Re-tweak the IBC to better secure aircraft lessor rights
Summary
- This week’s IBC rule carve-out aims to protect the rights of aircraft lessors and financers under international pacts but closing other gaps could deliver even better aviation outcomes.
The ministry of corporate affairs through a notification has decided to make the mandatory moratorium under Section 14 of the Insolvency and Bankruptcy Code (IBC) inapplicable to “transactions, arrangements or agreements, under the Convention and the Protocol, relating to aircraft, aircraft engines, airframes and helicopters." This comes as a breather to international aircraft lessors, which had leased assets to Indian operators safe in the belief that their interests were secure under two international multilateral arrangements, commonly known as the Cape Town Convention and Cape Town Protocol (CTC), which provide for the recognition of international interests in aircraft by the aviation regulators of contracting states. India became a signatory in March 2008.
A recent Barclays report reveals that Indian carriers ordered more than 1,400 aircraft in the 2009-2022 period. Add to this Indigo’s 500 and Air India’s 470 aircraft ordered in 2023, and it makes India one of the largest buyers in this period. Almost three-fourths of the planes used by Indian carriers are on lease. To inspire confidence among aviation financiers/lessors and boost Indian aviation’s credibility, the government added Rule 30(7) to the Aircraft Rules, 1937, for synchrony with the CTC, giving the right to apply for aircraft de-registration and re-export permission to holders of Irrevocable Deregistration and Export Request Authorization (IDERA)—or lessors. This came in handy for creditors of Jet Airways that used these rights to repossess its aircraft. However, lessors of Go Air were not that lucky, as before the Directorate General of Civil Aviation (DGCA) could order de-registration, the National Company Law Tribunal (NCLT) had admitted Go Air’s insolvency resolution application as a corporate debtor and ordered an IBC moratorium, including on the repossession of aircraft by lessors. Had the IBC’s freeze not held precedence over all other statutes, Rule 30(7) would have provided lessors adequate protection, as it would have entitled unpaid lessors to recover their aircraft in Go Air’s case as well.
Naturally, the freeze did not go down well with international aviation-finance stakeholders, as it amounted to India reneging on its obligations under the CTC. The Airbus-Boeing led Aviation Working Group (AWG), a non-profit group of aircraft makers, financiers and lessors, issued a watch-list notice for India, which could have hurt the ability of Indian air carriers to secure IDERA-backed leasing and funding deals. Last week, it downgraded India’s rating score from 3.5 to 2 on the CTC Compliance Index.
There has been a general consensus that nothing short of a sui-generis legal and regulatory regime for enforcement of international interests in aircraft objects in line with the CTC will fully reassure international lessors and creditors. India’s government had indeed exhibited some earnestness in that direction, and had published the Protection and Enforcement of Interests in Aircraft Objects Bill, 2022. Somehow, it did not progress further and was not enacted. The latest notification by the government, however, will definitely work to redeem India’s position.

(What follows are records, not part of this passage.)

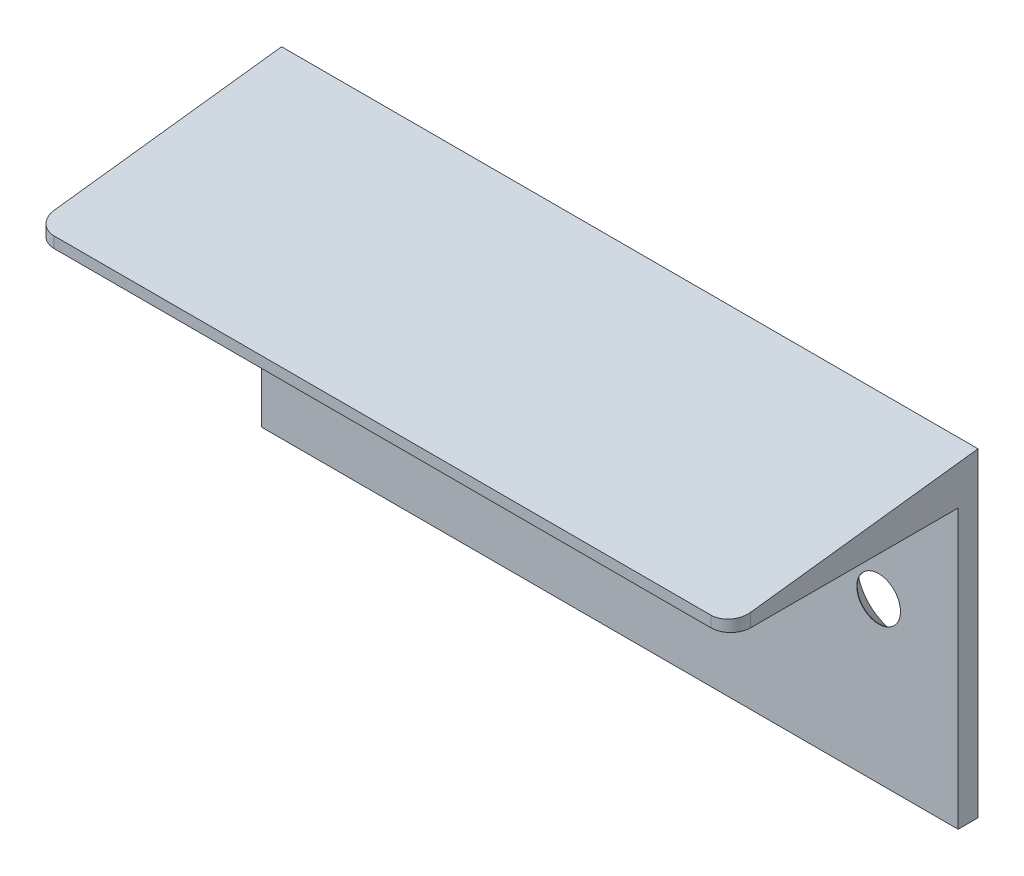
SolidWorks part; units mm, degrees
material "6061 Alloy"
ref_plane "Top Plane" through (0, 0, 0) normal (0, 0, 1) x (1, 0, 0)
ref_plane "Front Plane" through (0, 0, 0) normal (0, 1, 0) x (1, 0, 0)
ref_plane "Right Plane" through (0, 0, 0) normal (1, 0, 0) x (0, 0, -1)
sketch "Sketch1" plane through (0, 0, 0) normal (0, 0, 1) x (1, 0, 0)
  line L1 (-43.8, -20.1) -> (43.8, -20.1)
  line L2 (-43.8, -20.1) -> (-43.8, 20.1)
  line L3 (-43.8, 20.1) -> (43.8, 20.1)
  line L4 (43.8, -20.1) -> (43.8, 20.1)
  line L5 (-43.8, -20.1) -> (43.8, 20.1) construction
  line L6 (-43.8, 20.1) -> (43.8, -20.1) construction
  point P0 (0, 0)
  dimension "D1" = 40.2
  dimension "D2" = 87.6
extrude "Boss-Extrude1" add sketch "Sketch1" along normal blind 2.5
sketch "Sketch3" plane through (0, 0, 2.5) normal (0, 0, 1) x (1, 0, 0)
  line L0 (43.8, -20.1) -> (43.8, 20.1) construction
  line L1 (-43.8, 20.1) -> (43.8, 20.1)
  line L2 (-43.8, 20.1) -> (-43.8, 14.9)
  line L3 (-43.8, 14.9) -> (43.8, 14.9)
  line L4 (43.8, 20.1) -> (43.8, 14.9)
  dimension "D1" = 5.2
extrude "Boss-Extrude2" add sketch "Sketch3" along normal blind 28.599
fillet "Fillet1" radius 2.5 2 edges at (-43.8, 17.5, 31.099) (43.8, 17.5, 31.099)
sketch "Sketch4" plane through (0, 20.1, 0) normal (0, 1, 0) x (1, 0, 0)
  line L0 (43.8, 0) -> (-43.8, 0) construction
  line L1 (-43.8, 0) -> (43.8, 0)
  line L2 (-43.8, 0) -> (-43.8, -37.3428)
  line L3 (-43.8, -37.3428) -> (43.8, -37.3428)
  line L4 (43.8, 0) -> (43.8, -37.3428)
  line L5 (-43.8, -28.599) -> (-43.8, 0) construction
revolve "Cut-Revolve2" cut sketch "Sketch4" angle 7 about L1
hole_wizard "CSK for M5 Flat Head Machine Screw1" positions "Sketch5" profile "Sketch6" countersink size "M5" standard "ANSI Metric"
sketch "Sketch5" plane through (0, 0, 0) normal (0, 0, -1) x (-1, 0, 0)
  line L0 (-43.8, -20.1) -> (-43.8, 20.1) construction
  line L1 (43.8, 20.1) -> (43.8, -20.1) construction
  line L2 (-43.8, 20.1) -> (43.8, 20.1) construction
  point P0 (-33.8, 0)
  point P2 (33.8, 0)
  dimension "D1" = 10
  dimension "D2" = 10
  dimension "D3" = 20.1
  dimension "D4" = 20.1
sketch "Sketch6" plane through (33.8, 0, 0) normal (1, 0, 0) x (0, 1, 0)
  line L0 (0, 0) -> (0, 14.0524)
  line L1 (0, 14.0524) -> (2.75, 12.4)
  line L2 (2.75, 12.4) -> (2.75, 2.45)
  line L3 (2.75, 2.45) -> (5.2, 0)
  line L5 (5.2, 0) -> (0, 0)
  line L6 (-2.75, 2.45) -> (-5.2, 0) construction
  line L10 (0, 14.0524) -> (-2.75, 12.4) construction
  line L11 (0, -6.35) -> (0, 107.95) construction
  dimension "Hole Dia." = 5.5
  dimension "Hole Depth" = 12.4
  dimension "Near C'Sink Dia." = 10.4
  dimension "Near C'Sink Angle" = 90
  dimension "Drill Angle" = 118

Now that the efficacy of the IDERA rights of aircraft lessors has been restored, as their transactions are exempt from application of a moratorium under the IBC, it can potentially adversely affect the aviation insolvency resolution ecosystem in India. As most aircraft are usually leased, if upon default all such planes are de-registered and repossessed by lessors, it can lead to the civil death of an airline company, as there would be little left in it for revival as a going concern and such a firm will likely face liquidation as a certain outcome. The fleet’s remaining aircraft in disuse would be rendered fit only for cannibalization.
Presently, aircraft lessors are recognized as ‘operational creditors’ under the IBC, which have inferior rights in liquidation vis-à-vis secured financial creditors.
Also, even if some lessors are generous and agree not to de-register their aircraft to help the airline stay afloat, there is currently a lack of clarity over the ranking of their right to receive their respective lease amounts during the course of the insolvency resolution process. So, while it was necessary to extend unrestricted right to IDERA holders to de-register and repossess their aircraft, it is equally desirable to make provisions in the IBC to entice these lessors to stay put in insolvent airlines as stakeholders.
By a small amendment, a balance between IDERA holders’ rights on one hand and incentives to keep their leases alive on the other can be achieved. The IBC should see another churn to statutorily recognize an agreement between willing lessors and resolution professionals to bestow the following special rights in the lessors’ favour. One, timely payments on leases to lessors should get priority in the resolution process over all other operational costs. Two, such lessors’ interests should be reckoned as pari-passu vis-à-vis other secured financial creditors. Such changes will go a long way in keeping a lessor interested in an ailing airline.
The Centre’s notification is prospectively effective, it appears. However, affected lessors may still test the system by approaching appropriate judicial fora for early relief (in terms of aircraft release), since the move is in the nature of a beneficial sub-legislation.
Mukund Santhanam contributed to this article.